# Task objective
For every line below that includes the word "Płaszczyzna", add one; report the final number and nothing else.

# Record extracts
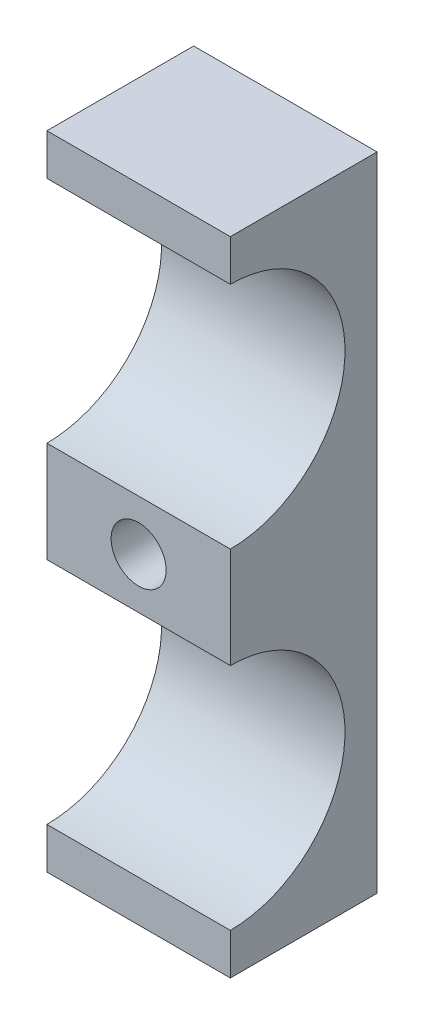
SolidWorks part; units mm, degrees
ref_plane "Płaszczyzna przednia" through (0, 0, 0) normal (0, 0, 1) x (1, 0, 0)
ref_plane "Płaszczyzna górna" through (0, 0, 0) normal (0, 1, 0) x (1, 0, 0)
ref_plane "Płaszczyzna prawa" through (0, 0, 0) normal (1, 0, 0) x (0, 0, -1)
sketch "Szkic1" plane through (0, 0, 0) normal (0, 0, 1) x (1, 0, 0)
  line L1 (-10, -35) -> (10, -35)
  line L2 (-10, -35) -> (-10, 35)
  line L3 (-10, 35) -> (10, 35)
  line L4 (10, -35) -> (10, 35)
  line L5 (-10, -35) -> (10, 35) construction
  line L6 (-10, 35) -> (10, -35) construction
  point P0 (0, 0)
  dimension "D1" = 70
  dimension "D2" = 20
extrude "Dodanie-wyciągnięcie1" add sketch "Szkic1" along normal blind 16
sketch "Szkic2" plane through (-10, 0, 0) normal (-1, 0, 0) x (0, 0, 1)
  line L0 (16, 35) -> (16, -35) construction
  line L1 (0, 0) -> (16, 0) construction
  line L2 (0, 35) -> (0, -35) construction
  circle A0 centre (16, 18) radius 12.5
  circle A1 centre (16, -18) radius 12.5
  dimension "D1" = 18
  dimension "D2" = 25
extrude "Wytnij-wyciągnięcie1" cut sketch "Szkic2" against normal through all
sketch "Szkic3" plane through (0, 0, 16) normal (0, 0, 1) x (1, 0, 0)
  circle A0 centre (0, 0) radius 3
  dimension "D1" = 6
extrude "Wytnij-wyciągnięcie2" cut sketch "Szkic3" against normal through all
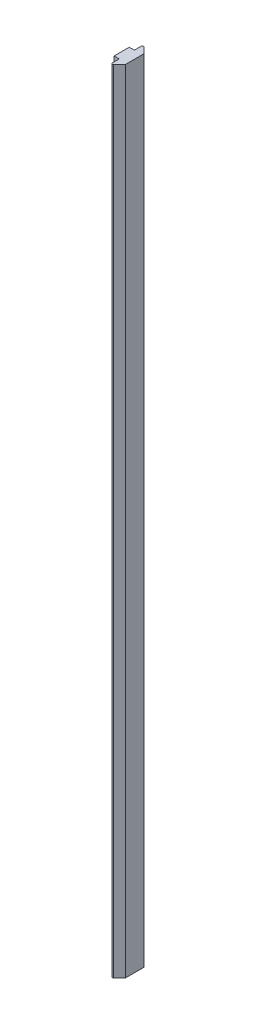
SolidWorks part; units mm, degrees
ref_plane "Front Plane" through (0, 0, 0) normal (0, 0, 1) x (1, 0, 0)
ref_plane "Top Plane" through (0, 0, 0) normal (0, 1, 0) x (1, 0, 0)
ref_plane "Right Plane" through (0, 0, 0) normal (1, 0, 0) x (0, 0, -1)
sketch "Sketch1" plane through (0, 0, 0) normal (0, 1, 0) x (1, 0, 0)
  line L0 (-4.6893, 3.1281) -> (-4.6893, 3.6281) construction
  line L1 (-4.6893, 3.6281) -> (-5.1893, 3.6281) construction
  line L2 (-4.7927, -3.1458) -> (-4.7927, -3.1281) construction
  line L3 (-5.1893, -3.1458) -> (-4.7927, -3.1458) construction
  line L6 (-4.7927, -3.1281) -> (-3.4893, -3.1281) construction
  line L7 (-3.4893, 3.1281) -> (-4.6893, 3.1281) construction
  line L8 (-2.2944, -5.9224) -> (0, -3.6281) construction
  line L9 (-3.4893, -3.1281) -> (-3.4893, -5.4274) construction
  line L10 (-3.4893, 5.4274) -> (-3.4893, 3.1281) construction
  line L11 (0, 3.6281) -> (-2.2944, 5.9224) construction
  line L12 (0, 3.6281) -> (0, -3.6281) construction
  line L14 (-3.2393, -2.8781) -> (-3.2393, -5.4274)
  line L15 (-2.4711, -5.7456) -> (-0.25, -3.5245)
  line L16 (-0.25, 3.5245) -> (-0.25, -3.5245)
  line L17 (-0.25, 3.5245) -> (-2.4711, 5.7456)
  line L18 (-3.2393, 5.4274) -> (-3.2393, 2.8781)
  line L19 (-3.2393, 2.8781) -> (-4.9393, 2.8781)
  line L22 (-5.1893, 2.8781) -> (-5.1893, -2.8781)
  line L23 (-3.2393, -2.8781) -> (-5.1893, -2.8781)
  line L24 (-5.1893, -2.8958) -> (-5.0427, -2.8958) construction
  line L25 (-5.0427, -2.8958) -> (-5.0427, -2.8781) construction
  line L26 (-5.0427, -2.8781) -> (-3.2393, -2.8781) construction
  line L27 (-4.9393, 2.8781) -> (-4.9393, 3.3781) construction
  line L28 (-4.9393, 2.8781) -> (-5.1893, 2.8781)
  line L31 (-4.9393, 3.3781) -> (-5.1893, 3.3781) construction
  arc A0 (-3.2393, -5.4274) -> (-2.4711, -5.7456) centre (-2.7893, -5.4274) ccw
  arc A1 (-2.4711, 5.7456) -> (-3.2393, 5.4274) centre (-2.7893, 5.4274) ccw
  arc A4 (-3.4893, -5.4274) -> (-2.2944, -5.9224) centre (-2.7893, -5.4274) ccw construction
  arc A5 (-2.2944, 5.9224) -> (-3.4893, 5.4274) centre (-2.7893, 5.4274) ccw construction
  point P8 (0, 0)
  dimension "D1" = 0.25
extrude "Boss-Extrude1" add sketch "Sketch1" along normal blind 300

# Problem solution
3